If the Hamiltonian depends on spin, then there is no spin degeneracy and the spin number \(s\) must be treated in the same way as \(k\).

Summary

  • By using plane waves in real space as an Ansatz we found all normal modes and energies for phonons and electrons in 1D
  • Computing dispersion relations explains the problems we listed before (need for cutoff, lack of scattering with every single atom, existence of insulators).
  • Electrons and phonons have a complicated nonlinear relation between momentum and velocity (group velocity), effective mass, and density of states.

Exercises

Warm-up questions

  1. Compare the expression of the effective mass with Newton's second law. Do you observe any similarities?
  2. Check the units of the group velocity. Is it what you expect?
  3. Do the same for the effective mass.
  4. Calculate the effective mass of the free-electron dispersion relation. Is this what was expected?
  5. Under what condition is the effective mass the same for each electron?

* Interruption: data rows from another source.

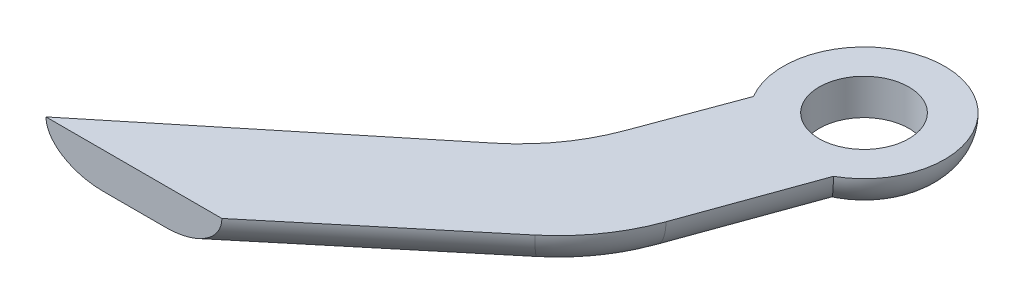
ISO-10303-21;
HEADER;
FILE_DESCRIPTION(('STEP AP214'),'2;1');
FILE_NAME('part.step','',(''),(''),'','','');
FILE_SCHEMA(('AUTOMOTIVE_DESIGN { 1 0 10303 214 1 1 1 1 }'));
ENDSEC;
DATA;
#1=APPLICATION_CONTEXT('core data for automotive mechanical design processes');
#2=APPLICATION_PROTOCOL_DEFINITION('international standard','automotive_design',2000,#1);
#3=PRODUCT_CONTEXT('',#1,'mechanical');
#4=PRODUCT('Part','Part','',(#3));
#5=PRODUCT_RELATED_PRODUCT_CATEGORY('part','',(#4));
#6=PRODUCT_DEFINITION_FORMATION('','',#4);
#7=PRODUCT_DEFINITION_CONTEXT('part definition',#1,'design');
#8=PRODUCT_DEFINITION('design','',#6,#7);
#9=PRODUCT_DEFINITION_SHAPE('','',#8);
#10=(LENGTH_UNIT() NAMED_UNIT(*) SI_UNIT(.MILLI.,.METRE.));
#11=(NAMED_UNIT(*) PLANE_ANGLE_UNIT() SI_UNIT($,.RADIAN.));
#12=(NAMED_UNIT(*) SI_UNIT($,.STERADIAN.) SOLID_ANGLE_UNIT());
#13=UNCERTAINTY_MEASURE_WITH_UNIT(LENGTH_MEASURE(1.E-05),#10,'distance_accuracy_value','');
#14=(GEOMETRIC_REPRESENTATION_CONTEXT(3) GLOBAL_UNCERTAINTY_ASSIGNED_CONTEXT((#13)) GLOBAL_UNIT_ASSIGNED_CONTEXT((#10,
#11,#12)) REPRESENTATION_CONTEXT('',''));
#15=CARTESIAN_POINT('',(0.,0.,0.));
#16=DIRECTION('',(0.,0.,1.));
#17=DIRECTION('',(1.,0.,0.));
#18=AXIS2_PLACEMENT_3D('',#15,#16,#17);
#19=CARTESIAN_POINT('',(11.4826257965562,2.,-14.3996307201945));
#20=DIRECTION('',(0.,1.,0.));
#21=DIRECTION('',(0.,0.,1.));
#22=AXIS2_PLACEMENT_3D('',#19,#20,#21);
#23=PLANE('',#22);
#24=DIRECTION('',(0.768811989561023,0.,-0.639474881998676));
#25=VECTOR('',#24,1.);
#26=CARTESIAN_POINT('',(-1.31921636014026,2.,8.60036927980545));
#27=LINE('',#26,#25);
#28=CARTESIAN_POINT('',(-1.31921636014026,2.,8.60036927980545));
#29=VERTEX_POINT('',#28);
#30=CARTESIAN_POINT('',(8.20702119077927,2.,0.676729018622842));
#31=VERTEX_POINT('',#30);
#32=EDGE_CURVE('E124',#29,#31,#27,.T.);
#33=ORIENTED_EDGE('',*,*,#32,.T.);
#34=CARTESIAN_POINT('',(1.8122723707925,2.,-7.01139087698739));
#35=DIRECTION('',(0.,1.,0.));
#36=DIRECTION('',(0.,0.,1.));
#37=AXIS2_PLACEMENT_3D('',#34,#35,#36);
#38=CIRCLE('',#37,10.);
#39=CARTESIAN_POINT('',(11.2193056553227,2.,-3.6190871194002));
#40=VERTEX_POINT('',#39);
#41=EDGE_CURVE('E202',#31,#40,#38,.T.);
#42=ORIENTED_EDGE('',*,*,#41,.T.);
#43=DIRECTION('',(0.339230375758719,0.,-0.940703328453024));
#44=VECTOR('',#43,1.);
#45=CARTESIAN_POINT('',(10.2970860518292,2.,-1.06172459362196));
#46=LINE('',#45,#44);
#47=CARTESIAN_POINT('',(13.693514413313,2.,-10.4801956174922));
#48=VERTEX_POINT('',#47);
#49=EDGE_CURVE('E199',#40,#48,#46,.T.);
#50=ORIENTED_EDGE('',*,*,#49,.T.);
#51=CARTESIAN_POINT('',(11.4826257965562,2.,-14.3996307201945));
#52=DIRECTION('',(0.,1.,0.));
#53=DIRECTION('',(0.,0.,1.));
#54=AXIS2_PLACEMENT_3D('',#51,#52,#53);
#55=CIRCLE('',#54,4.5);
#56=CARTESIAN_POINT('',(7.61190342688268,2.,-12.1045254204515));
#57=VERTEX_POINT('',#56);
#58=EDGE_CURVE('E196',#48,#57,#55,.T.);
#59=ORIENTED_EDGE('',*,*,#58,.T.);
#60=DIRECTION('',(-0.347398248181745,0.,0.937717685212482));
#61=VECTOR('',#60,1.);
#62=CARTESIAN_POINT('',(7.61190342688268,2.,-12.1045254204515));
#63=LINE('',#62,#61);
#64=CARTESIAN_POINT('',(5.68031595775114,2.,-6.89067146517223));
#65=VERTEX_POINT('',#64);
#66=EDGE_CURVE('E115',#57,#65,#63,.T.);
#67=ORIENTED_EDGE('',*,*,#66,.T.);
#68=CARTESIAN_POINT('',(-3.69686089437368,2.,-10.3646539469897));
#69=DIRECTION('',(0.,1.,0.));
#70=DIRECTION('',(0.,0.,1.));
#71=AXIS2_PLACEMENT_3D('',#68,#69,#70);
#72=CIRCLE('',#71,10.);
#73=CARTESIAN_POINT('',(2.62475748019861,2.,-2.61629017608488));
#74=VERTEX_POINT('',#73);
#75=EDGE_CURVE('E110',#65,#74,#72,.F.);
#76=ORIENTED_EDGE('',*,*,#75,.T.);
#77=DIRECTION('',(-0.77483637709048,0.,0.632161837457229));
#78=VECTOR('',#77,1.);
#79=CARTESIAN_POINT('',(4.73443918794363,2.,-4.33750552457679));
#80=LINE('',#79,#78);
#81=CARTESIAN_POINT('',(-11.1234241734397,2.,8.60036927980545));
#82=VERTEX_POINT('',#81);
#83=EDGE_CURVE('E103',#74,#82,#80,.T.);
#84=ORIENTED_EDGE('',*,*,#83,.T.);
#85=DIRECTION('',(1.,0.,0.));
#86=VECTOR('',#85,1.);
#87=CARTESIAN_POINT('',(-11.1234241734397,2.,8.60036927980545));
#88=LINE('',#87,#86);
#89=EDGE_CURVE('E106',#82,#29,#88,.T.);
#90=ORIENTED_EDGE('',*,*,#89,.T.);
#91=EDGE_LOOP('',(#33,#42,#50,#59,#67,#76,#84,#90));
#92=FACE_BOUND('',#91,.T.);
#93=CARTESIAN_POINT('',(11.4826257965562,2.,-14.3996307201945));
#94=DIRECTION('',(0.,1.,0.));
#95=DIRECTION('',(0.,0.,1.));
#96=AXIS2_PLACEMENT_3D('',#93,#94,#95);
#97=CIRCLE('',#96,2.5);
#98=CARTESIAN_POINT('',(11.4826257965562,2.,-11.8996307201945));
#99=VERTEX_POINT('',#98);
#100=EDGE_CURVE('E186',#99,#99,#97,.T.);
#101=ORIENTED_EDGE('',*,*,#100,.F.);
#102=EDGE_LOOP('',(#101));
#103=FACE_BOUND('',#102,.T.);
#104=ADVANCED_FACE('F34',(#92,#103),#23,.T.);
#105=CARTESIAN_POINT('',(11.4826257965562,0.,-14.3996307201945));
#106=DIRECTION('',(0.,1.,0.));
#107=DIRECTION('',(0.,0.,1.));
#108=AXIS2_PLACEMENT_3D('',#105,#106,#107);
#109=PLANE('',#108);
#110=DIRECTION('',(-0.347398248181745,0.,0.937717685212482));
#111=VECTOR('',#110,1.);
#112=CARTESIAN_POINT('',(10.7021359294715,0.,-14.6887804470523));
#113=LINE('',#112,#111);
#114=CARTESIAN_POINT('',(7.5557513281761,0.,-6.19587496880874));
#115=VERTEX_POINT('',#114);
#116=CARTESIAN_POINT('',(9.88318716538032,0.,-12.4782260087654));
#117=VERTEX_POINT('',#116);
#118=EDGE_CURVE('E54',#115,#117,#113,.F.);
#119=ORIENTED_EDGE('',*,*,#118,.T.);
#120=CARTESIAN_POINT('',(11.4826257965562,0.,-14.3996307201945));
#121=DIRECTION('',(0.,1.,0.));
#122=DIRECTION('',(0.,0.,1.));
#123=AXIS2_PLACEMENT_3D('',#120,#121,#122);
#124=CIRCLE('',#123,2.5);
#125=CARTESIAN_POINT('',(12.1079729417804,0.,-11.9791057878793));
#126=VERTEX_POINT('',#125);
#127=EDGE_CURVE('E138',#117,#126,#124,.T.);
#128=ORIENTED_EDGE('',*,*,#127,.T.);
#129=DIRECTION('',(0.339230375758719,0.,-0.940703328453024));
#130=VECTOR('',#129,1.);
#131=CARTESIAN_POINT('',(12.8084358747006,0.,-13.921525628621));
#132=LINE('',#131,#130);
#133=CARTESIAN_POINT('',(9.3378989984167,0.,-4.29754787091764));
#134=VERTEX_POINT('',#133);
#135=EDGE_CURVE('E61',#126,#134,#132,.F.);
#136=ORIENTED_EDGE('',*,*,#135,.T.);
#137=CARTESIAN_POINT('',(1.8122723707925,0.,-7.01139087698739));
#138=DIRECTION('',(0.,1.,0.));
#139=DIRECTION('',(0.,0.,1.));
#140=AXIS2_PLACEMENT_3D('',#137,#138,#139);
#141=CIRCLE('',#140,8.);
#142=CARTESIAN_POINT('',(6.92807142678192,0.,-0.860894960499205));
#143=VERTEX_POINT('',#142);
#144=EDGE_CURVE('E214',#134,#143,#141,.F.);
#145=ORIENTED_EDGE('',*,*,#144,.T.);
#146=DIRECTION('',(0.768811989561023,0.,-0.639474881998676));
#147=VECTOR('',#146,1.);
#148=CARTESIAN_POINT('',(16.2762697216083,0.,-8.63644747873922));
#149=LINE('',#148,#147);
#150=CARTESIAN_POINT('',(-4.44678251840594,0.,8.60036927980545));
#151=VERTEX_POINT('',#150);
#152=EDGE_CURVE('E212',#143,#151,#149,.F.);
#153=ORIENTED_EDGE('',*,*,#152,.T.);
#154=DIRECTION('',(1.,0.,0.));
#155=VECTOR('',#154,1.);
#156=CARTESIAN_POINT('',(-11.1234241734397,0.,8.60036927980545));
#157=LINE('',#156,#155);
#158=CARTESIAN_POINT('',(-7.95967735815469,0.,8.60036927980545));
#159=VERTEX_POINT('',#158);
#160=EDGE_CURVE('E208',#159,#151,#157,.T.);
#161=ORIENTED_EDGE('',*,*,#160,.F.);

Exercise 1: Lattice vibrations

  1. From the dispersion relation of a 1D monatomic chain given in the lecture notes, calculate the group velocity \(v_g\).
  2. Using the group veolcity found above, calculate the density of states \(g(\omega)\).
  3. Sketch them.
  4. From the 1D dispersion relation \(\omega(k)\) in the picture below, sketch the group velocity \(v_g(k)\) and the density of states \(g(\omega)\).

Exercise 2: Vibrational heat capacity of a 1D monatomic chain

  1. Give the total energy \(U\) of a 1D monatomic chain as an integral expression. To do so, first derive the density of states from the phonon dispersion relation derived in the lecture notes.
  2. Give an integral expression for the heat capacity \(C\).
  3. Compute the heat capacity numerically, using e.g. Python.
  4. Do the same for \(C\) in the Debye model and compare the two. What differences do you see?

Exercise 3: Next-nearest neighbors chain

Consider electrons in a 1D atomic chain again:

x = np.linspace(0.001, 3, 200)

fig, ax = pyplot.subplots(1, 1)
ax.plot(x, 1.2-1/np.abs(np.sin(np.pi * x))**(1/2))
ax.set_ylim(-.7, .5)
ax.set_xlabel("$x$")
ax.set_ylabel("$U(x)$")
ax.set_xticks([-.05, 1, 2])
ax.set_xticklabels(["$0$", "$a$", "$2a$"])

draw_classic_axes(ax)

png

Let's expand the one-dimensional chain model by extending the range of the interaction further than the nearest neighbors:

\[ \langle \phi_n | H | \phi_{n+2}\rangle \equiv -t' ≠ 0.\]
  1. Write down the new Schrödinger equation for this system.

    hint

    There are now two more terms in the equation: \(-t' \phi_{n-2} - t' \phi_{n+2}\).

  2. Solve the Schrödinger equation to find the dispersion relation \(E(k)\).

    hint

    Use the same Ansatz as for the nearest neighbors case: $ \phi_n = \phi_0 \exp(ikna) $.

  3. Calculate the effective mass \(m^*\).

  4. Sketch the effective mass as a function of \(k\) for the cases \(t=2t'\), \(t=4t'\), and \(t=10t'\).